In 1968, President Johnson’s spending boosted economic growth to 4.9% but inflation hit a disturbing 4.7%. As Americans prospered, they imported more goods, creating a huge balance of payments deficit.
The excess of dollars in the global economy threatened the gold standard, whereby the Federal Reserve redeemed US$35 for an ounce of gold. As explained by The Balance,
In 1968, the United States had over $45 billion in federal reserve note liabilities but held only about $10 billion in gold. It was not enough to redeem the liabilities. Foreign holders turned in their dollars for gold, depleting central banks’ gold reserves even more. To make the dollar more attractive to hold, the Federal Reserve raised interest rates to 6%.
But the run-on gold continued. It boosted inflation to 6.2% in 1969, Nixon’s first year in office. The Fed defended the gold standard by raising rates to 9.19%. Unfortunately, it also created a mild recession that started later that year. By the end of 1970, the unemployment rate had risen to 6.1%.
This was not a theoretical construct. The mismatch of dollars to gold meant that governments or their central banks could show up at any time to the US Treasury’s “gold window” and demand gold for dollars. In August 1971, the British Ambassador did just that, requesting that $3 billion be converted into gold.
In 1970 Burns declared that the economy was no longer operating as it used to, due to the growing power of corporations and unions, which together, were driving up wages and prices. The answer, in Burn’s view, was to impose wage-price controls, wherein an appointed wage-price review board would pass judgment on major wage and price increases.
As Nixon looked towards re-election in ’72, he wasn’t going to let the economy bring him down again in a repeat of 1960.
As PBS describes in an excellent essay titled ‘Nixon, Price Controls and the Gold Standard’, The central economic issue became how to manage the inflation-unemployment tradeoff in a way that was not politically self-destructive; in other words, how to bring down inflation without slowing the economy and raising unemployment.

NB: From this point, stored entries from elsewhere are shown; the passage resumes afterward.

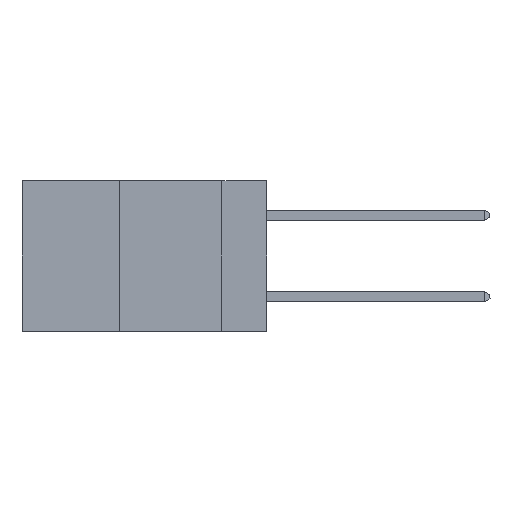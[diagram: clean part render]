
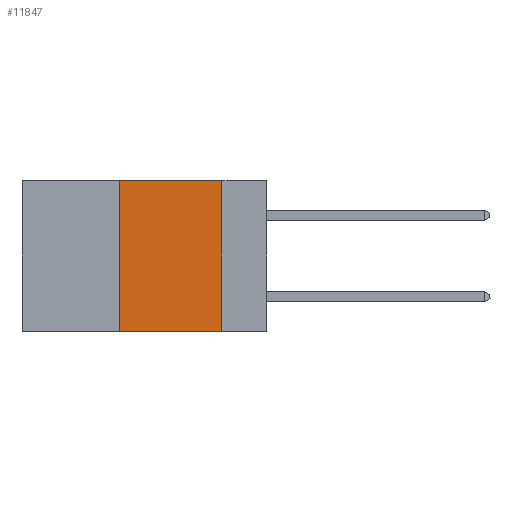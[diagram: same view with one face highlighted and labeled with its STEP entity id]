
A CAD part, left-side view. The second image highlights one B-rep face of the part: STEP entity #11847.
In plain terms, the highlighted planar face has unit normal (-1, 0, 0).
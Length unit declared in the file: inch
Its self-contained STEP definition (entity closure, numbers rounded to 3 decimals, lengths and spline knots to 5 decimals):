
#22 = EDGE_CURVE ( 'NONE', #6171, #15439, #13116, .T. ) ;
#527 = CARTESIAN_POINT ( 'NONE',  ( 0., 0.6, 0. ) ) ;
#677 = VECTOR ( 'NONE', #1669, 39.37008 ) ;
#1466 = DIRECTION ( 'NONE',  ( 1., 0., 0. ) ) ;
#1669 = DIRECTION ( 'NONE',  ( 0., -1., 0. ) ) ;
#1862 = AXIS2_PLACEMENT_3D ( 'NONE', #12660, #1466, #11447 ) ;
#2113 = LINE ( 'NONE', #4818, #7542 ) ;
#3150 = EDGE_LOOP ( 'NONE', ( #13163, #9197, #14579, #9522 ) ) ;
#3250 = VECTOR ( 'NONE', #5093, 39.37008 ) ;
#4285 = EDGE_CURVE ( 'NONE', #4865, #7811, #8316, .T. ) ;
#4818 = CARTESIAN_POINT ( 'NONE',  ( 0., 0.36, 0. ) ) ;
#4865 = VERTEX_POINT ( 'NONE', #8870 ) ;
#4944 = FACE_OUTER_BOUND ( 'NONE', #3150, .T. ) ;
#5052 = EDGE_CURVE ( 'NONE', #4865, #6171, #2113, .T. ) ;
#5093 = DIRECTION ( 'NONE',  ( 0., 0., -1. ) ) ;
#5300 = DIRECTION ( 'NONE',  ( 0., -1., 0. ) ) ;
#6171 = VERTEX_POINT ( 'NONE', #6686 ) ;
#6494 = PLANE ( 'NONE',  #1862 ) ;
#6546 = LINE ( 'NONE', #15271, #3250 ) ;
#6686 = CARTESIAN_POINT ( 'NONE',  ( 0., 0.36, 0. ) ) ;
#7542 = VECTOR ( 'NONE', #14524, 39.37008 ) ;
#7811 = VERTEX_POINT ( 'NONE', #13590 ) ;
#8316 = LINE ( 'NONE', #12654, #11237 ) ;
#8870 = CARTESIAN_POINT ( 'NONE',  ( 0., 0.36, -0.37 ) ) ;
#9197 = ORIENTED_EDGE ( 'NONE', *, *, #22, .F. ) ;
#9522 = ORIENTED_EDGE ( 'NONE', *, *, #4285, .T. ) ;
#11200 = CARTESIAN_POINT ( 'NONE',  ( 0., 0.11, 0. ) ) ;
#11237 = VECTOR ( 'NONE', #5300, 39.37008 ) ;
#11447 = DIRECTION ( 'NONE',  ( 0., 0., -1. ) ) ;
#11847 = ADVANCED_FACE ( 'NONE', ( #4944 ), #6494, .F. ) ;
#12654 = CARTESIAN_POINT ( 'NONE',  ( 0., 0.6, -0.37 ) ) ;
#12660 = CARTESIAN_POINT ( 'NONE',  ( 0., 0.6, 0. ) ) ;
#13116 = LINE ( 'NONE', #527, #677 ) ;
#13163 = ORIENTED_EDGE ( 'NONE', *, *, #13205, .F. ) ;
#13205 = EDGE_CURVE ( 'NONE', #15439, #7811, #6546, .T. ) ;
#13590 = CARTESIAN_POINT ( 'NONE',  ( 0., 0.11, -0.37 ) ) ;
#14524 = DIRECTION ( 'NONE',  ( 0., 0., 1. ) ) ;
#14579 = ORIENTED_EDGE ( 'NONE', *, *, #5052, .F. ) ;
#15271 = CARTESIAN_POINT ( 'NONE',  ( 0., 0.11, 0. ) ) ;
#15439 = VERTEX_POINT ( 'NONE', #11200 ) ;
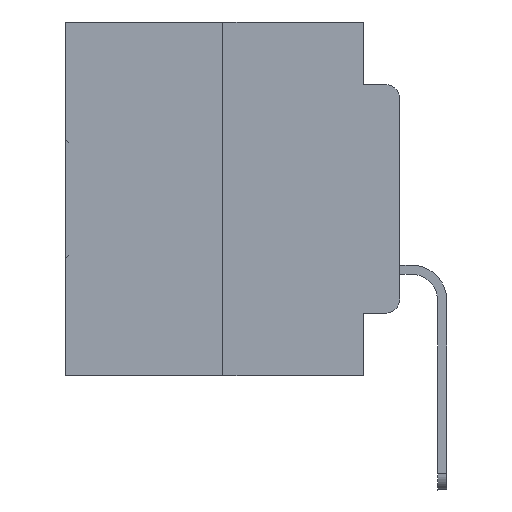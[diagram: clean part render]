
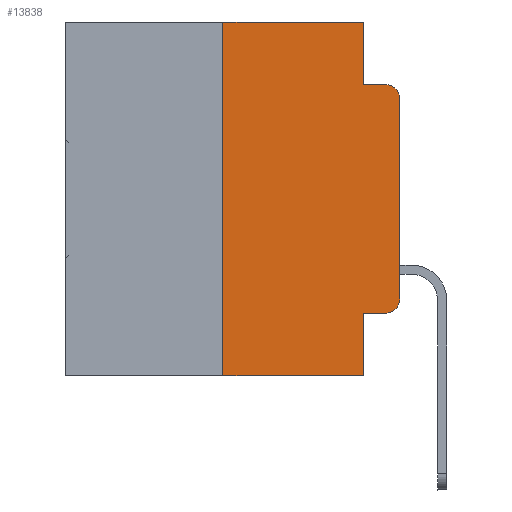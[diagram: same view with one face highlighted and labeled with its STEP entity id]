
A CAD part, left-side view. The second image highlights one B-rep face of the part: STEP entity #13838.
In plain terms, the highlighted planar face has unit normal (-1, 0, 0).
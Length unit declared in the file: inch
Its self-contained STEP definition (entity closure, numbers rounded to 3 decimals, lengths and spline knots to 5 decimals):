
#137 = DIRECTION ( 'NONE',  ( 1., 0., 0. ) ) ;
#634 = EDGE_CURVE ( 'NONE', #20930, #3303, #24694, .T. ) ;
#1133 = EDGE_CURVE ( 'NONE', #12797, #12730, #26419, .T. ) ;
#1144 = VECTOR ( 'NONE', #17835, 39.37008 ) ;
#1698 = CARTESIAN_POINT ( 'NONE',  ( 0., 0.02, -0.1085 ) ) ;
#2131 = CARTESIAN_POINT ( 'NONE',  ( 0., 0.051, 0. ) ) ;
#2429 = CARTESIAN_POINT ( 'NONE',  ( 0., 0.051, 0. ) ) ;
#2479 = CARTESIAN_POINT ( 'NONE',  ( 0., 0., 0. ) ) ;
#2662 = EDGE_LOOP ( 'NONE', ( #13414, #23644, #2745, #14694, #25111, #9922, #17822, #25903, #23539, #25264 ) ) ;
#2745 = ORIENTED_EDGE ( 'NONE', *, *, #634, .F. ) ;
#2942 = CARTESIAN_POINT ( 'NONE',  ( 0., 0., -0.1085 ) ) ;
#3303 = VERTEX_POINT ( 'NONE', #6834 ) ;
#4605 = VECTOR ( 'NONE', #7996, 39.37008 ) ;
#4743 = VERTEX_POINT ( 'NONE', #21974 ) ;
#4965 = DIRECTION ( 'NONE',  ( 0., 0., -1. ) ) ;
#5362 = DIRECTION ( 'NONE',  ( 0., -1., 0. ) ) ;
#5409 = DIRECTION ( 'NONE',  ( 0., -1., 0. ) ) ;
#5991 = DIRECTION ( 'NONE',  ( -1., 0., 0. ) ) ;
#6108 = EDGE_CURVE ( 'NONE', #29837, #3303, #18594, .T. ) ;
#6198 = EDGE_CURVE ( 'NONE', #12730, #29837, #9146, .T. ) ;
#6834 = CARTESIAN_POINT ( 'NONE',  ( 0., 0.02, -0.0885 ) ) ;
#7055 = DIRECTION ( 'NONE',  ( 0., 0., -1. ) ) ;
#7526 = LINE ( 'NONE', #22486, #4605 ) ;
#7736 = LINE ( 'NONE', #27140, #19364 ) ;
#7996 = DIRECTION ( 'NONE',  ( 0., -1., 0. ) ) ;
#9146 = LINE ( 'NONE', #2479, #19969 ) ;
#9444 = CARTESIAN_POINT ( 'NONE',  ( 0., 0.02, -0.3915 ) ) ;
#9497 = VECTOR ( 'NONE', #21903, 39.37008 ) ;
#9739 = LINE ( 'NONE', #2429, #18070 ) ;
#9922 = ORIENTED_EDGE ( 'NONE', *, *, #28887, .F. ) ;
#10329 = CARTESIAN_POINT ( 'NONE',  ( 0., 0.473, 0. ) ) ;
#10486 = LINE ( 'NONE', #10329, #16570 ) ;
#11212 = EDGE_CURVE ( 'NONE', #15020, #12797, #7526, .T. ) ;
#11395 = DIRECTION ( 'NONE',  ( -1., 0., 0. ) ) ;
#12730 = VERTEX_POINT ( 'NONE', #31346 ) ;
#12797 = VERTEX_POINT ( 'NONE', #18963 ) ;
#12911 = CARTESIAN_POINT ( 'NONE',  ( 0., 0.051, 0. ) ) ;
#13414 = ORIENTED_EDGE ( 'NONE', *, *, #6198, .T. ) ;
#13838 = ADVANCED_FACE ( 'NONE', ( #16981 ), #26210, .F. ) ;
#14234 = DIRECTION ( 'NONE',  ( 0., 0., 1. ) ) ;
#14694 = ORIENTED_EDGE ( 'NONE', *, *, #27944, .F. ) ;
#15020 = VERTEX_POINT ( 'NONE', #28181 ) ;
#15158 = CARTESIAN_POINT ( 'NONE',  ( 0., 0.25, -0.5 ) ) ;
#15623 = EDGE_CURVE ( 'NONE', #15948, #4743, #7736, .T. ) ;
#15948 = VERTEX_POINT ( 'NONE', #15158 ) ;
#16570 = VECTOR ( 'NONE', #5409, 39.37008 ) ;
#16848 = CARTESIAN_POINT ( 'NONE',  ( 0., 0.051, -0.0885 ) ) ;
#16981 = FACE_OUTER_BOUND ( 'NONE', #2662, .T. ) ;
#17397 = CARTESIAN_POINT ( 'NONE',  ( 0., 0.25, 0. ) ) ;
#17666 = LINE ( 'NONE', #12911, #28656 ) ;
#17822 = ORIENTED_EDGE ( 'NONE', *, *, #15623, .T. ) ;
#17835 = DIRECTION ( 'NONE',  ( 0., -1., 0. ) ) ;
#18070 = VECTOR ( 'NONE', #4965, 39.37008 ) ;
#18594 = CIRCLE ( 'NONE', #26728, 0.02 ) ;
#18963 = CARTESIAN_POINT ( 'NONE',  ( 0., 0.02, -0.4115 ) ) ;
#19364 = VECTOR ( 'NONE', #5362, 39.37008 ) ;
#19694 = DIRECTION ( 'NONE',  ( 0., 0., -1. ) ) ;
#19969 = VECTOR ( 'NONE', #14234, 39.37008 ) ;
#20679 = EDGE_CURVE ( 'NONE', #15020, #4743, #17666, .T. ) ;
#20843 = AXIS2_PLACEMENT_3D ( 'NONE', #9444, #5991, #7055 ) ;
#20930 = VERTEX_POINT ( 'NONE', #16848 ) ;
#21098 = DIRECTION ( 'NONE',  ( 0., 0., -1. ) ) ;
#21903 = DIRECTION ( 'NONE',  ( 0., 0., 1. ) ) ;
#21974 = CARTESIAN_POINT ( 'NONE',  ( 0., 0.051, -0.5 ) ) ;
#22486 = CARTESIAN_POINT ( 'NONE',  ( 0., 0.051, -0.4115 ) ) ;
#23539 = ORIENTED_EDGE ( 'NONE', *, *, #11212, .T. ) ;
#23644 = ORIENTED_EDGE ( 'NONE', *, *, #6108, .T. ) ;
#24281 = CARTESIAN_POINT ( 'NONE',  ( 0., 0.25, 0. ) ) ;
#24694 = LINE ( 'NONE', #29780, #1144 ) ;
#25111 = ORIENTED_EDGE ( 'NONE', *, *, #28480, .F. ) ;
#25264 = ORIENTED_EDGE ( 'NONE', *, *, #1133, .T. ) ;
#25290 = DIRECTION ( 'NONE',  ( 0., 0., -1. ) ) ;
#25903 = ORIENTED_EDGE ( 'NONE', *, *, #20679, .F. ) ;
#26210 = PLANE ( 'NONE',  #26461 ) ;
#26419 = CIRCLE ( 'NONE', #20843, 0.02 ) ;
#26461 = AXIS2_PLACEMENT_3D ( 'NONE', #26688, #137, #19694 ) ;
#26688 = CARTESIAN_POINT ( 'NONE',  ( 0., 0.473, 0. ) ) ;
#26728 = AXIS2_PLACEMENT_3D ( 'NONE', #1698, #11395, #21098 ) ;
#26816 = LINE ( 'NONE', #24281, #9497 ) ;
#27140 = CARTESIAN_POINT ( 'NONE',  ( 0., 0.473, -0.5 ) ) ;
#27944 = EDGE_CURVE ( 'NONE', #31285, #20930, #9739, .T. ) ;
#28181 = CARTESIAN_POINT ( 'NONE',  ( 0., 0.051, -0.4115 ) ) ;
#28480 = EDGE_CURVE ( 'NONE', #29355, #31285, #10486, .T. ) ;
#28656 = VECTOR ( 'NONE', #25290, 39.37008 ) ;
#28887 = EDGE_CURVE ( 'NONE', #15948, #29355, #26816, .T. ) ;
#29355 = VERTEX_POINT ( 'NONE', #17397 ) ;
#29780 = CARTESIAN_POINT ( 'NONE',  ( 0., 0.051, -0.0885 ) ) ;
#29837 = VERTEX_POINT ( 'NONE', #2942 ) ;
#31285 = VERTEX_POINT ( 'NONE', #2131 ) ;
#31346 = CARTESIAN_POINT ( 'NONE',  ( 0., 0., -0.3915 ) ) ;

To figure out a way forward, Nixon and 15 advisors repaired to the presidential mountain retreat at Camp David. The answer was the New Economic Policy, wherein wages and prices would be frozen for 90 days as a way of attacking inflation. The idea was that wage-price controls would allow the administration to pursue a more expansive monetary policy, thereby stimulating employment in time for the 1972 election without stoking inflation.
“Now I am a Keynesian,” Nixon declared in January 1971, before introducing a “full employment” budget, which provided for deficit spending to reduce unemployment.
More ominously, the gold window was to be closed, something Arthur Burns disagreed with. “Pravda would write that this was a sign of the collapse of capitalism,” he warned, but was over-ruled.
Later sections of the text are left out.